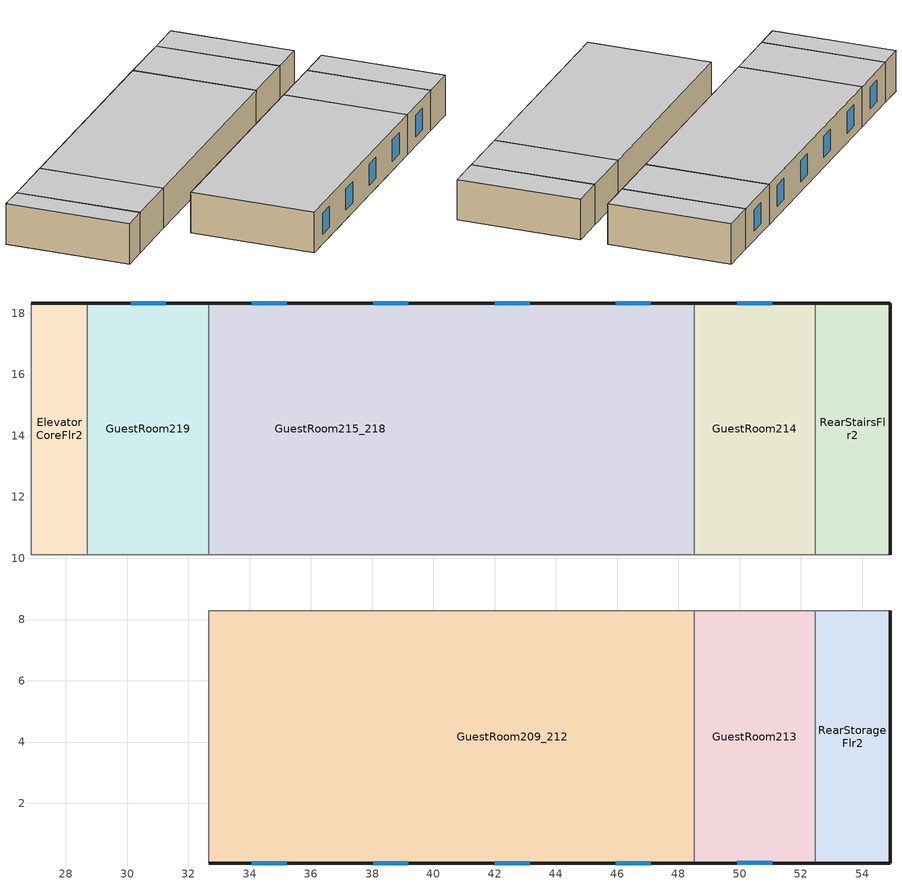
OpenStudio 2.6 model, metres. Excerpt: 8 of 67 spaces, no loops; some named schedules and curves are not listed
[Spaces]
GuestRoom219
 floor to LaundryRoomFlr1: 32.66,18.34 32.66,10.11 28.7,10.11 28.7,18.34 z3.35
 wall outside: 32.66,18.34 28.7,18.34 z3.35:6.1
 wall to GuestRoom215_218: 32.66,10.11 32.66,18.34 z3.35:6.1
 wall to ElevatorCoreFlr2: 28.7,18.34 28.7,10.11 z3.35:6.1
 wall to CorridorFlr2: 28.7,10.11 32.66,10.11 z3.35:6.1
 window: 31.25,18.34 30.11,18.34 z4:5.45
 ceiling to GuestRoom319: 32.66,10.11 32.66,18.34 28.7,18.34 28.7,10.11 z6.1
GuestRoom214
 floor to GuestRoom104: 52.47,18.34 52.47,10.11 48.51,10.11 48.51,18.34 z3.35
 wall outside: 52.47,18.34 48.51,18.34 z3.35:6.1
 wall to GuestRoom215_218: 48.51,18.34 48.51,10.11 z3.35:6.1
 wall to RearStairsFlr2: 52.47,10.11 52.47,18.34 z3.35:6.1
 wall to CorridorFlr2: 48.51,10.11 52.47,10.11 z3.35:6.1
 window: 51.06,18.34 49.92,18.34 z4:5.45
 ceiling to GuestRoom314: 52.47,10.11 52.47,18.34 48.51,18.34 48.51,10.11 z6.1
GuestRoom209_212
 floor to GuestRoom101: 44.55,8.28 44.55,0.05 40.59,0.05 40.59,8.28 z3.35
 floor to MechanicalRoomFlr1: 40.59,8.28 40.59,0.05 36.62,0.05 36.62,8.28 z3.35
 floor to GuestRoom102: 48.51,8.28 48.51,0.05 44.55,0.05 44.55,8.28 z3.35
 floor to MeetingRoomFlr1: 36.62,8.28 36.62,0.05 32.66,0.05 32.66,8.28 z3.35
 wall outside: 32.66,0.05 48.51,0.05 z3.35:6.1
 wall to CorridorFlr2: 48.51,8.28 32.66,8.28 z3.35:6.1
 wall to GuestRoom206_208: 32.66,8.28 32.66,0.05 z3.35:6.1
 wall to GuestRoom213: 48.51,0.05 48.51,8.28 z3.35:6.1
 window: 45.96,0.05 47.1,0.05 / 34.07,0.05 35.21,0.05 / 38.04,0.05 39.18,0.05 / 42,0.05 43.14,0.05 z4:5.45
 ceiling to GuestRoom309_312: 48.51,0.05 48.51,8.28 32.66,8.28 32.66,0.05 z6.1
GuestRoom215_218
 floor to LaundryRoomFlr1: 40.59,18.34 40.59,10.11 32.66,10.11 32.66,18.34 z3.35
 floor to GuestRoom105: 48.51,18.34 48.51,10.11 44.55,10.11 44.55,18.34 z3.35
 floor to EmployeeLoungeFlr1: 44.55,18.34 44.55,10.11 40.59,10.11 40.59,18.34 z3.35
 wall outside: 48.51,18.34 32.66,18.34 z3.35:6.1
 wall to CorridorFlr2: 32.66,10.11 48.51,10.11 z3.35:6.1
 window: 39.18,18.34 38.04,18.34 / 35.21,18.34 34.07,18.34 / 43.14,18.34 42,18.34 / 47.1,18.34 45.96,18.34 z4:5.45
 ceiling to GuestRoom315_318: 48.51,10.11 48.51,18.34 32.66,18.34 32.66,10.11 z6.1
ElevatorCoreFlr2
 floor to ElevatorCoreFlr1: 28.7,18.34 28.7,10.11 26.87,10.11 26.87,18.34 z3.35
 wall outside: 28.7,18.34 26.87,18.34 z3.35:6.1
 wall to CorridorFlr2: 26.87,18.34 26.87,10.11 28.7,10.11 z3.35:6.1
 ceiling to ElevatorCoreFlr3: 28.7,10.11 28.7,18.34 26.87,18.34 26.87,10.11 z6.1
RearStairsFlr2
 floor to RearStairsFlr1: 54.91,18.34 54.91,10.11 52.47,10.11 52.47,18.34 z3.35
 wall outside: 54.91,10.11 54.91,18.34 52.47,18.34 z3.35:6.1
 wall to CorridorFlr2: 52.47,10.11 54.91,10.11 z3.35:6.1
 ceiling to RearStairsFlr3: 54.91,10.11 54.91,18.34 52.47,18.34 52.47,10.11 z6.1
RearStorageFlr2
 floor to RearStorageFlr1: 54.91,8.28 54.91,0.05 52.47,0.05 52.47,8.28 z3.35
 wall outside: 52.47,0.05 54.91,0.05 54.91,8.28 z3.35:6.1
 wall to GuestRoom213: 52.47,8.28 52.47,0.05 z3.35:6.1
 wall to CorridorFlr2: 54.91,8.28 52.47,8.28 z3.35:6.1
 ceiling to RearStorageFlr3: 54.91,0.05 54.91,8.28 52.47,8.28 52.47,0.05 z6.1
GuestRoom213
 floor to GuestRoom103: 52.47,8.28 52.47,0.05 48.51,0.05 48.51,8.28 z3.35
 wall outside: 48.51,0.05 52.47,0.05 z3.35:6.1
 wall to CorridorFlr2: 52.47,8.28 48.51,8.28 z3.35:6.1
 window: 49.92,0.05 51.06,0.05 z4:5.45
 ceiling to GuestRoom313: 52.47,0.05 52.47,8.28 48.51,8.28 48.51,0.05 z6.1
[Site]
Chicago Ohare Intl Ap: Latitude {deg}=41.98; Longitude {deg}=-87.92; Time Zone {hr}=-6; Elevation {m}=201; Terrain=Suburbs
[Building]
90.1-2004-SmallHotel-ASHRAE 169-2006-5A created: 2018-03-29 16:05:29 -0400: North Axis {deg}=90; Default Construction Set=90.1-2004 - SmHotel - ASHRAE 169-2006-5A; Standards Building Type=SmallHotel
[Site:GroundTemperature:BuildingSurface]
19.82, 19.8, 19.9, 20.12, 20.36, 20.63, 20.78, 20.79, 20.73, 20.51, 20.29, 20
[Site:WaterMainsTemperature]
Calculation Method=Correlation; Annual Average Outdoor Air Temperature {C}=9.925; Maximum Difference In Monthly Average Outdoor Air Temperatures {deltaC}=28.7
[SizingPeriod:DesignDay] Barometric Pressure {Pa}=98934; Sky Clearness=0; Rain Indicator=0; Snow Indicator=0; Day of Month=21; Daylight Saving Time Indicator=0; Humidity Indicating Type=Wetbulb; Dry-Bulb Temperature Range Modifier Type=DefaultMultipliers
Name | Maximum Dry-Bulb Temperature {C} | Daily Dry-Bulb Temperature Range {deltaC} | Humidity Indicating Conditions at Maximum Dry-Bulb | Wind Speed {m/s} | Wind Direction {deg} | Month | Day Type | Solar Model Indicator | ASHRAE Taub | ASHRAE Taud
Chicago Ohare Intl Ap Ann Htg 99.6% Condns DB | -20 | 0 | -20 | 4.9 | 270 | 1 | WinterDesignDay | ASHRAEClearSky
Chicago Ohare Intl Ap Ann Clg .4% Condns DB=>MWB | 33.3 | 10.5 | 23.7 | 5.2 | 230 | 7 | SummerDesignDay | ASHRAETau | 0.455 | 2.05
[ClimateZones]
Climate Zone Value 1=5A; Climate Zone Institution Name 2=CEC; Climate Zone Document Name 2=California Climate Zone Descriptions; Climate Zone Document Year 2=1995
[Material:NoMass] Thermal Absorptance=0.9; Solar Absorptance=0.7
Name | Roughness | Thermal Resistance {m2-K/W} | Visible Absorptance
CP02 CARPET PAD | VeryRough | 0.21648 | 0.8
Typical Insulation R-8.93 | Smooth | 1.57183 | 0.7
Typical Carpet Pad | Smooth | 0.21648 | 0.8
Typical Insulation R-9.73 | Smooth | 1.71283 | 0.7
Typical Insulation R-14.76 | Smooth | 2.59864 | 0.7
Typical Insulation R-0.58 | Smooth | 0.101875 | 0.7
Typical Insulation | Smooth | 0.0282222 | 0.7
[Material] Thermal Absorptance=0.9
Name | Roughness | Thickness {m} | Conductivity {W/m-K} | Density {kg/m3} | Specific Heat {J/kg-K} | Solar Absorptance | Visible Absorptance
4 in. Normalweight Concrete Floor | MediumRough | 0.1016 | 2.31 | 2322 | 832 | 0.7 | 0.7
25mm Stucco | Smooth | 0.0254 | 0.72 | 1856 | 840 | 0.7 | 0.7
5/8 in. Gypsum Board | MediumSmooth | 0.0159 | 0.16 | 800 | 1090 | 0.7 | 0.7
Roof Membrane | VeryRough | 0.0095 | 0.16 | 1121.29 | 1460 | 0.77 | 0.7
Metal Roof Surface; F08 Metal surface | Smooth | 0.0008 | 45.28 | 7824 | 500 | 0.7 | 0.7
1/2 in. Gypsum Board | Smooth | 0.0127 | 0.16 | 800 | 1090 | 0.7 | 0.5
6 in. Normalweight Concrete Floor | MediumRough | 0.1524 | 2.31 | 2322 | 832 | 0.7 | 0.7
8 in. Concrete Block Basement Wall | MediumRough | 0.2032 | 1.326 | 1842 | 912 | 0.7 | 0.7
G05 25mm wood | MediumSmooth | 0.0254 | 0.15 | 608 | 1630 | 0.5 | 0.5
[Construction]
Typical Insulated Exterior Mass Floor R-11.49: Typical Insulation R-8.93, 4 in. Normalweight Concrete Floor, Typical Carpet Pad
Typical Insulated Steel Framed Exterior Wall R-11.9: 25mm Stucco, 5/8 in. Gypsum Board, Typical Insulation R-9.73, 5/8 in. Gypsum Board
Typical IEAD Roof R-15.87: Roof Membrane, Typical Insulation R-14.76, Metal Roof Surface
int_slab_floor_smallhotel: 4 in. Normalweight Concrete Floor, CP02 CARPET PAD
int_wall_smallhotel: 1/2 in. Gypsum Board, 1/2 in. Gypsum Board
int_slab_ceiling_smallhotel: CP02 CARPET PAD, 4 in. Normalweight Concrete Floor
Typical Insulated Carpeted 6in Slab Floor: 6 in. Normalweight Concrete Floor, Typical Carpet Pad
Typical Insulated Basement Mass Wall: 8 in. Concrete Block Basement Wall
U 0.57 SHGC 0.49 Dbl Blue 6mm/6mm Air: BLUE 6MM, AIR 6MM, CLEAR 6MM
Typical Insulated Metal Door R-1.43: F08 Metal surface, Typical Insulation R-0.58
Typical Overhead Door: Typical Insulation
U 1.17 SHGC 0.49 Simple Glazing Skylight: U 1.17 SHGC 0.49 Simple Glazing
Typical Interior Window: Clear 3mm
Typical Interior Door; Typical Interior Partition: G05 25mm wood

(Aim of the task) All lines of the records above that contain the word "Basement" are to be copied out.

(Completed task)
8 in. Concrete Block Basement Wall | MediumRough | 0.2032 | 1.326 | 1842 | 912 | 0.7 | 0.7
Typical Insulated Basement Mass Wall: 8 in. Concrete Block Basement Wall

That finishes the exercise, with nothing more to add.